Looks like Triv to me.


----------



## M32075 (May 9, 2019)

You got triv never fun


----------



## tgreen (Oct 20, 2018)

SNOWBOB11 said:


> It looks like it to me. @tgreen what do you think?


Yes, I agree this is triv. I would just pull it up. I would not use roundup at this time of year as you will just have a big dead spot going into spring.


----------



## Mardel74 (Aug 16, 2020)

Thanks for the bad news&#129318;&#127995;‍♂;is all over in places that I never seen it before


----------



## Kissfromnick (Mar 25, 2019)

100% triv. Sorry


----------



## Mardel74 (Aug 16, 2020)

I never had this much before don't know where it came from; I am having I really bad year first grubs but the time I realized It was to late lots of damage and know triv;frustrated &#128553;


----------



## doverosx (Aug 7, 2019)

You aren't the only one!


----------



## 7824 (Oct 23, 2019)

That is not Poa triv.

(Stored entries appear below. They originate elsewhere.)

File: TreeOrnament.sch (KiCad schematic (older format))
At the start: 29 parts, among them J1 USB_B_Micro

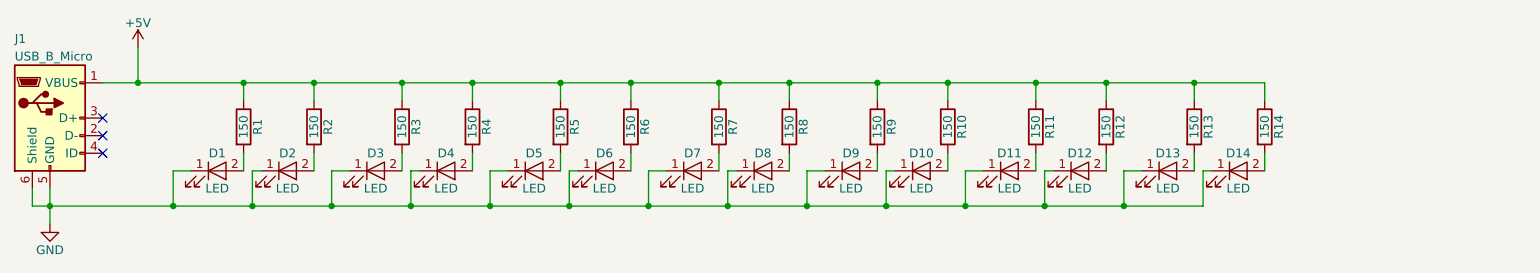
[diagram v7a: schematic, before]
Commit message: Add some optional SMT decoupling caps.
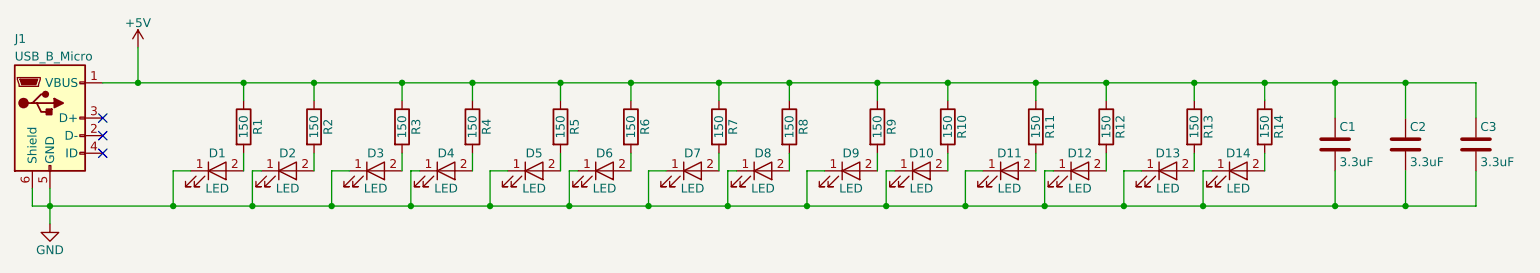
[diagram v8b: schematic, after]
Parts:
- added C1, C2, C3: 3.3uF, Capacitors_SMD:C_0805_HandSoldering, symbol C
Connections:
- net +5V: now also C1.1, C2.1, C3.1
- net GND: now also C1.2, C2.2, C3.2
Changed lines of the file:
@@
 encoding utf-8
 Sheet 1 1
-Title ""
-Date ""
-Rev ""
-Comp ""
+Title "Christmas Tree Ornament"
+Date "2017-11-02"
+Rev "1.1"
+Comp "Patrick Pelletier"
 Comment1 ""
 Comment2 ""
@@
 Connection ~ 6700 1900
 Wire Wire Line
-	1400 1900 8050 1900
-Wire Wire Line
-	1800 1200 8400 1200
+	1400 1900 9600 1900
+Wire Wire Line
+	1800 1200 9600 1200
 $Comp
 L R R1
@@
 	8050 1700 8050 1900
 Connection ~ 7600 1900
+$Comp
+L C C1
+U 1 1 59FBC6D7
+P 8800 1550
+F 0 "C1" H 8825 1650 50  0000 L CNN
+F 1 "3.3uF" H 8825 1450 50  0000 L CNN
+F 2 "Capacitors_SMD:C_0805_HandSoldering" H 8838 1400 50  0001 C CNN
+F 3 "" H 8800 1550 50  0001 C CNN
+	1    8800 1550
+	1    0    0    -1
+$EndComp
+$Comp
+L C C2
+U 1 1 59FBC804
+P 9200 1550
+F 0 "C2" H 9225 1650 50  0000 L CNN
+F 1 "3.3uF" H 9225 1450 50  0000 L CNN
+F 2 "Capacitors_SMD:C_0805_HandSoldering" H 9238 1400 50  0001 C CNN
+F 3 "" H 9200 1550 50  0001 C CNN
+	1    9200 1550
+	1    0    0    -1
+$EndComp
+$Comp
+L C C3
+U 1 1 59FBC875
+P 9600 1550
+F 0 "C3" H 9625 1650 50  0000 L CNN
+F 1 "3.3uF" H 9625 1450 50  0000 L CNN
+F 2 "Capacitors_SMD:C_0805_HandSoldering" H 9638 1400 50  0001 C CNN
+F 3 "" H 9600 1550 50  0001 C CNN
+	1    9600 1550
+	1    0    0    -1
+$EndComp
+Wire Wire Line
+	8800 1200 8800 1400
+Connection ~ 8400 1200
+Wire Wire Line
+	9200 1200 9200 1400
+Connection ~ 8800 1200
+Wire Wire Line
+	9600 1200 9600 1400
+Connection ~ 9200 1200
+Wire Wire Line
+	9600 1900 9600 1700
+Connection ~ 8050 1900
+Wire Wire Line
+	8800 1700 8800 1900
+Connection ~ 8800 1900
+Wire Wire Line
+	9200 1700 9200 1900
+Connection ~ 9200 1900
 $EndSCHEMATC

It is Poa Annua.


----------



## SNOWBOB11 (Aug 31, 2017)

learningeveryday said:


> That is not Poa triv. It is Poa Annua.


What makes you say that?


----------



## Mardel74 (Aug 16, 2020)

Does poa annua produce seed heads in the fall too?


----------



## Kmartel (Feb 12, 2019)

Aren't I seeing crinkled/wrinkled leafs in the photos??


----------



## 04gtod (Mar 23, 2019)

looks like my poa triv. I invited it in on 2 pieces of sod I used to repair dog urine spots. i will gly those spots in spring. I will never repair with sod again, seed only!!!


----------



## Kissfromnick (Mar 25, 2019)

04gtod said:


> looks like my poa triv. I invited it in on 2 pieces of sod I used to repair dog urine spots. i will gly those spots in spring. I will never repair with sod again, seed only!!!


I have some poa t in new sod at spring too. Funny, reason for replacing parts of existing lawn with new sod because of triv. This war will newer end.


----------